Oh and Baking Soda, is it the kind straight off the shelf at the grocery store or a special kind?

Without further aduu.....I need help with names


----------



## kelebek (Oct 5, 2007)

OHHHH my gosh - how cute! Congrats :stars:


----------



## BetterBuckskins (Feb 1, 2009)

I LOVE the grey one! How about Sterling? :greengrin:


----------



## HollowbeadRanch (Oct 5, 2007)

oooo... so cute!!! I like Sterling... Misty is another name that came to mind when I looked at the grey one. For the black one I thought of Ebony... or Liquorice (the candy). I have just always liked those names :greengrin:


----------



## ProctorHillFarm (May 15, 2008)

Very cute! Are they pygmies?

How about Ash and Cinder


----------



## yonderhill (Jan 15, 2009)

They are darling... I like sterling as well.. and what about Onyx.
Very sweet!!

Jennah


----------



## StaceyRosado (Oct 5, 2007)

boys girls??

Congrats


----------



## Anna (Oct 17, 2007)

Purina goat feed is in a pellet form I believe. Sweet feed usually has a few whole or cracked grains with pellets then all mixed with molasses (that's what makes it "sweet").
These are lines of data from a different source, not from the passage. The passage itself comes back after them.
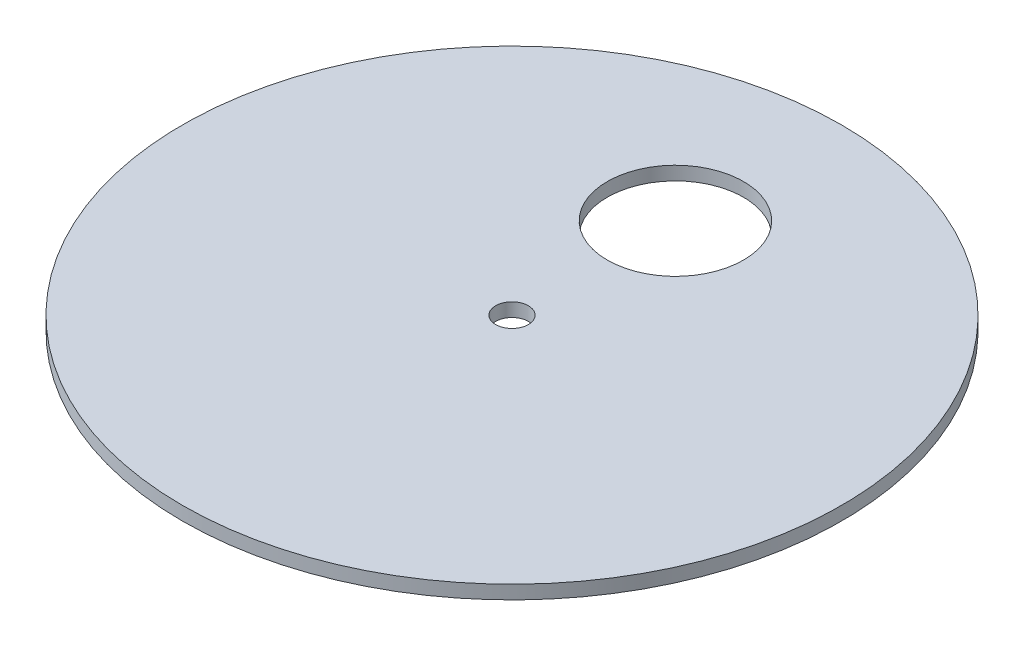
SolidWorks part; units mm, degrees
ref_plane "Front Plane" through (0, 0, 0) normal (0, 0, 1) x (1, 0, 0)
ref_plane "Top Plane" through (0, 0, 0) normal (0, 1, 0) x (1, 0, 0)
ref_plane "Right Plane" through (0, 0, 0) normal (1, 0, 0) x (0, 0, -1)
sketch "Sketch1" plane through (0, 0, 0) normal (0, 1, 0) x (1, 0, 0)
  line L0 (0, 0) -> (0, 169.8963) construction
  circle A0 centre (0, 0) radius 121
  circle A1 centre (0, 0) radius 6
  circle A2 centre (0, 60) radius 25
  dimension "D1" = 242
  dimension "D2" = 12
  dimension "D3" = 50
  dimension "D4" = 60
extrude "Boss-Extrude1" add sketch "Sketch1" along normal blind 5

They are both super cute!  :wahoo: Congrats!


----------



## BeeLady (Dec 12, 2008)

Very cute!

Baking soda is the same baking soda as in the grocery store. You can call your county extension agent to find out if Missouri is a high selenium state or you may be able to google it. Your county extension agent should know for your exact location though.

Don't know about the goat chow.

Have fun with those cute goats!


----------



## Epona142 (May 26, 2008)

Very cute!!


----------



## Iwantgoats (Oct 3, 2008)

I should of said...both does. She has a few more we were interested in but they were bottle babies. She let DH and I bottle feed :clap: It was our first time and boy can those babies suck fast, lol.

Thank you for all the helpful info.

Can I mix the sweet feed with the goat pellets or should I just feed the goat pellets. The lady we got them from said she feed 1/2 cup once daily, does that sound right? They have free choice hay and lots of dried leaves but always seem hungry. I hear that's normal but just checking. Stomach gurgles sounds good.


----------



## StaceyRosado (Oct 5, 2007)

ok so these girls are how old? :girl: :girl: 

I am bad with names so I wont even try LOL


----------



## Iwantgoats (Oct 3, 2008)

They are 11 months old give or take a couple weeks, why do you ask (don't scare me, lol)? The silver one is tiny and about 2" shorter than the black at the shoulders. They lady said she could never be bred due to her small stature. We don't plan on any breeding (atleast not at this time) so that was fine with us. 

As far as names go, I think I'm gonna go with Misty for the silver one and CoCo for the black.


----------



## StaceyRosado (Oct 5, 2007)

oh I was just curious how old they were - call it stupid curiousity :shades: 

Nice names  you never know the one may grow up big.


----------



## Iwantgoats (Oct 3, 2008)

So a 1/2 cup of feed per day sound right to Stacey and since I bought goat feed and sweet feed can a mix the two and just feed that way from here on out? 

I am assuming the lady I purchased them from was just feeding sweet feed because when I asked her what she fed and she showed it to me it looked just like the sweet feed I purchased and she said it had molasses in it with corn and pellets.


----------



## StaceyRosado (Oct 5, 2007)

that sounds good for growing kids. Once they are grown you can always cut back -- they dont need much if you arent going to breed them.


----------



## liz (Oct 5, 2007)

They are adorable! The blue colored doeling( Misty) is the same color as my bucks dam!
I like the frosting on Coco....he he...have quite a few "frosty's" myself.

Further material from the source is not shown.